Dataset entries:
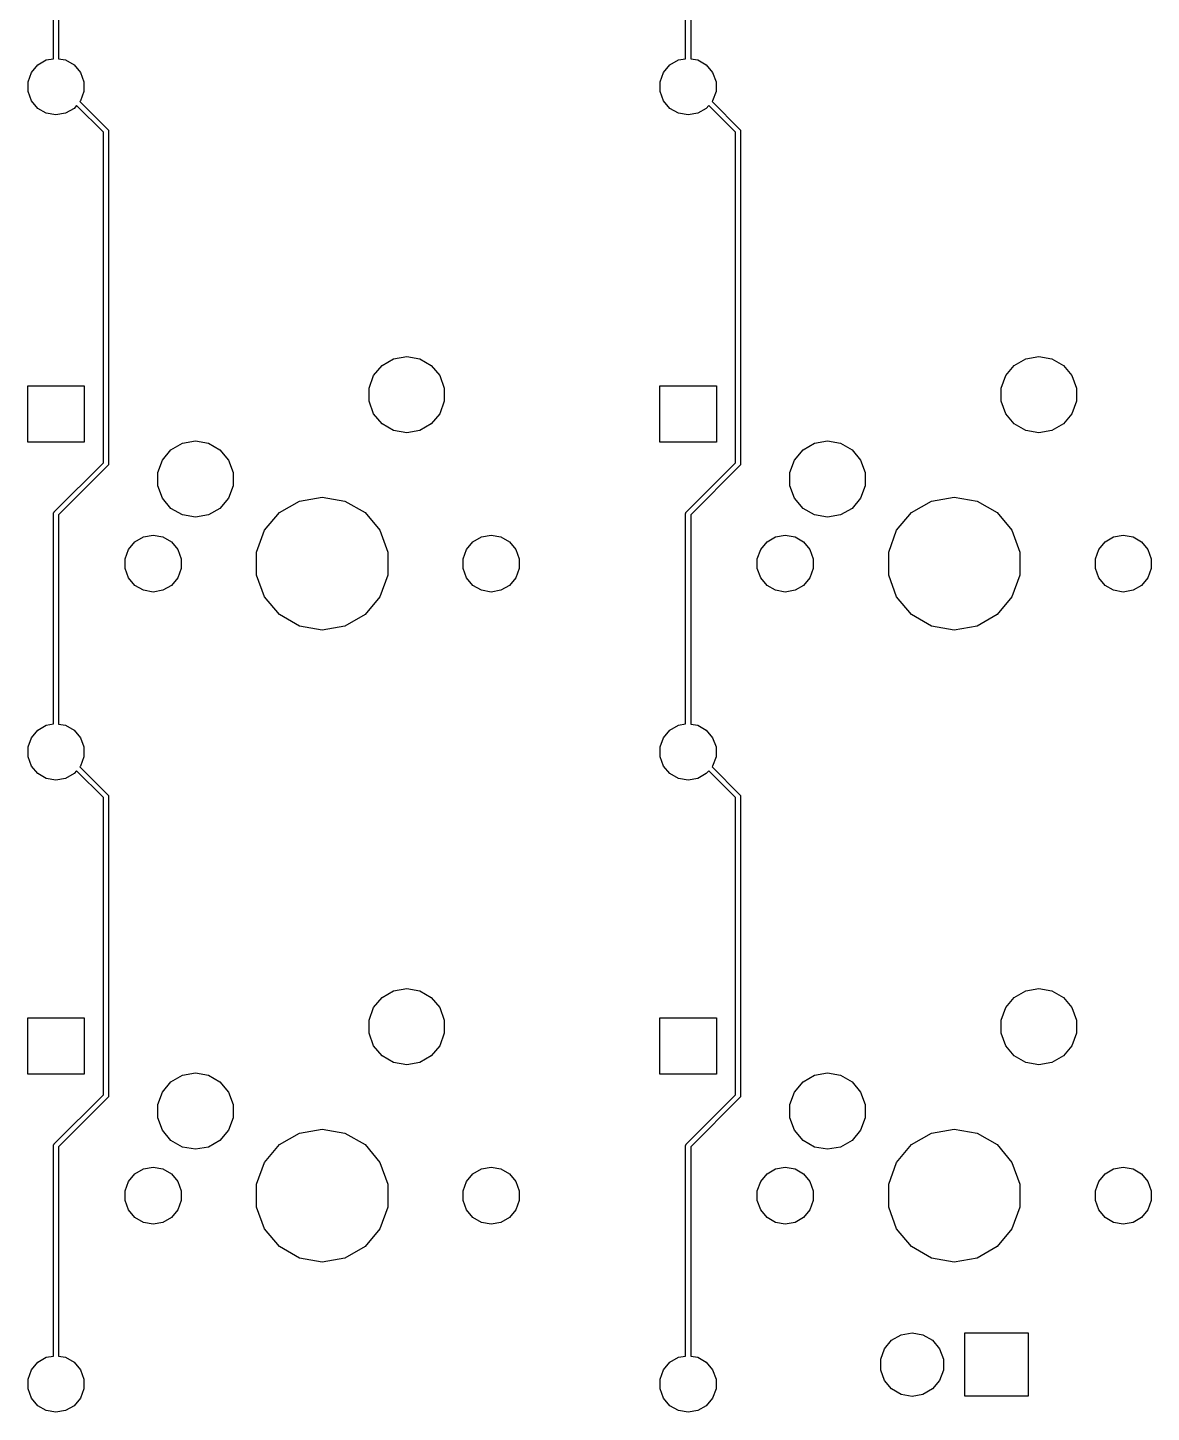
# Model space of a CAD drawing. Extents: x 16 to 275, y -108 to -11.
# Drawn here: x 241.15 to 274.92, y -104.51 to -62.89 of the extents above; entities that cross this region are included whole.
import ezdxf

# ---------------------------------------------------------------- set-up
doc = ezdxf.new("R2010")
doc.units = 0
doc.header["$MEASUREMENT"] = 0
doc.layers.add('BLACK', color=7, linetype='CONTINUOUS')

msp = doc.modelspace()

# ---------------------------------------------------------------- linework, layer by layer
at = {"layer": 'Black'}
for p, q in [((241.924, -63.8206), (241.924, -57.5316)), ((242.076, -57.5), (242.076, -63.8215)), ((260.924, -63.8206), (260.924, -57.5316)), ((261.076, -57.5), (261.076, -63.8215)), ((241.259, -64.2341), (241.449, -64.0072)), ((241.449, -64.0072), (241.706, -63.8591)), ((241.706, -63.8591), (241.924, -63.8206)), ((242.076, -63.8215), (242.289, -63.8591)), ((242.289, -63.8591), (242.546, -64.0072)), ((242.546, -64.0072), (242.736, -64.2341)), ((260.259, -64.2341), (260.449, -64.0072)), ((260.449, -64.0072), (260.706, -63.8591)), ((260.706, -63.8591), (260.924, -63.8206)), ((261.076, -63.8215), (261.289, -63.8591)), ((261.289, -63.8591), (261.546, -64.0072)), ((261.546, -64.0072), (261.736, -64.2341)), ((241.158, -64.5124), (241.259, -64.2341)), ((241.158, -64.8086), (241.158, -64.5124)), ((242.736, -64.2341), (242.837, -64.5124)), ((242.837, -64.5124), (242.837, -64.8086)), ((260.158, -64.5124), (260.259, -64.2341)), ((260.158, -64.8086), (260.158, -64.5124)), ((261.736, -64.2341), (261.837, -64.5124)), ((261.837, -64.5124), (261.837, -64.8086)), ((241.259, -65.087), (241.158, -64.8086)), ((242.837, -64.8086), (242.736, -65.087)), ((260.259, -65.087), (260.158, -64.8086)), ((261.837, -64.8086), (261.736, -65.087)), ((241.449, -65.3139), (241.259, -65.087)), ((241.706, -65.462), (241.449, -65.3139)), ((242.546, -65.3139), (242.289, -65.462)), ((242.619, -65.2266), (242.546, -65.3139)), ((243.424, -66.0316), (242.619, -65.2266)), ((242.736, -65.087), (242.717, -65.1094)), ((242.717, -65.1094), (243.554, -65.9461)), ((260.449, -65.3139), (260.259, -65.087)), ((260.706, -65.462), (260.449, -65.3139)), ((261.546, -65.3139), (261.289, -65.462)), ((261.619, -65.2266), (261.546, -65.3139)), ((262.424, -66.0316), (261.619, -65.2266)), ((261.736, -65.087), (261.717, -65.1094)), ((261.717, -65.1094), (262.554, -65.9461)), ((241.997, -65.5134), (241.706, -65.462)), ((242.289, -65.462), (241.997, -65.5134)), ((260.997, -65.5134), (260.706, -65.462)), ((261.289, -65.462), (260.997, -65.5134)), ((243.424, -75.9684), (243.424, -66.0316)), ((243.554, -65.9461), (243.556, -65.9489)), ((243.556, -65.9489), (243.558, -65.951)), ((243.558, -65.951), (243.563, -65.9596)), ((243.563, -65.9596), (243.569, -65.9678)), ((243.569, -65.9678), (243.57, -65.971)), ((243.57, -65.971), (243.572, -65.9739)), ((243.572, -65.9739), (243.573, -65.9837)), ((243.573, -65.9837), (243.576, -65.9934)), ((243.576, -65.9934), (243.576, -65.9967)), ((243.576, -65.9967), (243.576, -66)), ((243.576, -66), (243.576, -76)), ((262.424, -75.9684), (262.424, -66.0316)), ((262.554, -65.9461), (262.556, -65.9489)), ((262.556, -65.9489), (262.558, -65.951)), ((262.558, -65.951), (262.563, -65.9596)), ((262.563, -65.9596), (262.569, -65.9678)), ((262.569, -65.9678), (262.57, -65.971)), ((262.57, -65.971), (262.572, -65.9739)), ((262.572, -65.9739), (262.573, -65.9837)), ((262.573, -65.9837), (262.576, -65.9934)), ((262.576, -65.9934), (262.576, -65.9967)), ((262.576, -65.9967), (262.576, -66)), ((262.576, -66), (262.576, -76)), ((251.802, -73.0411), (252.148, -72.8418)), ((252.148, -72.8418), (252.54, -72.7726)), ((252.54, -72.7726), (252.932, -72.8418)), ((252.932, -72.8418), (253.278, -73.0411)), ((270.802, -73.0411), (271.148, -72.8418)), ((271.148, -72.8418), (271.54, -72.7726)), ((271.54, -72.7726), (271.932, -72.8418)), ((271.932, -72.8418), (272.278, -73.0411)), ((251.546, -73.3463), (251.802, -73.0411)), ((253.278, -73.0411), (253.534, -73.3463)), ((270.546, -73.3463), (270.802, -73.0411)), ((272.278, -73.0411), (272.534, -73.3463)), ((241.148, -75.3501), (241.148, -73.6509)), ((241.148, -73.6509), (242.847, -73.6509)), ((242.847, -73.6509), (242.847, -75.3501)), ((251.41, -73.7208), (251.546, -73.3463)), ((253.534, -73.3463), (253.67, -73.7208)), ((260.148, -75.3501), (260.148, -73.6509)), ((260.148, -73.6509), (261.847, -73.6509)), ((261.847, -73.6509), (261.847, -75.3501)), ((270.41, -73.7208), (270.546, -73.3463)), ((272.534, -73.3463), (272.67, -73.7208)), ((251.41, -74.1192), (251.41, -73.7208)), ((253.67, -73.7208), (253.67, -74.1192)), ((270.41, -74.1192), (270.41, -73.7208)), ((272.67, -73.7208), (272.67, -74.1192)), ((251.546, -74.4937), (251.41, -74.1192)), ((251.802, -74.7989), (251.546, -74.4937)), ((253.534, -74.4937), (253.278, -74.7989)), ((253.67, -74.1192), (253.534, -74.4937)), ((270.546, -74.4937), (270.41, -74.1192)), ((270.802, -74.7989), (270.546, -74.4937)), ((272.534, -74.4937), (272.278, -74.7989)), ((272.67, -74.1192), (272.534, -74.4937)), ((252.148, -74.9982), (251.802, -74.7989)), ((253.278, -74.7989), (252.932, -74.9982)), ((271.148, -74.9982), (270.802, -74.7989)), ((272.278, -74.7989), (271.932, -74.9982)), ((245.798, -75.3818), (246.19, -75.3126)), ((246.19, -75.3126), (246.582, -75.3818)), ((252.54, -75.0674), (252.148, -74.9982)), ((252.932, -74.9982), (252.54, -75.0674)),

● PROBLEM DESCRIPTION
In the records above, the line with "import ezdxf" marks the start and the line with "layer by layer" marks the end; copy that stretch exactly, both lines included, and nothing else.

● RESULT BELOW
import ezdxf

# ---------------------------------------------------------------- set-up
doc = ezdxf.new("R2010")
doc.units = 0
doc.header["$MEASUREMENT"] = 0
doc.layers.add('BLACK', color=7, linetype='CONTINUOUS')

msp = doc.modelspace()

# ---------------------------------------------------------------- linework, layer by layer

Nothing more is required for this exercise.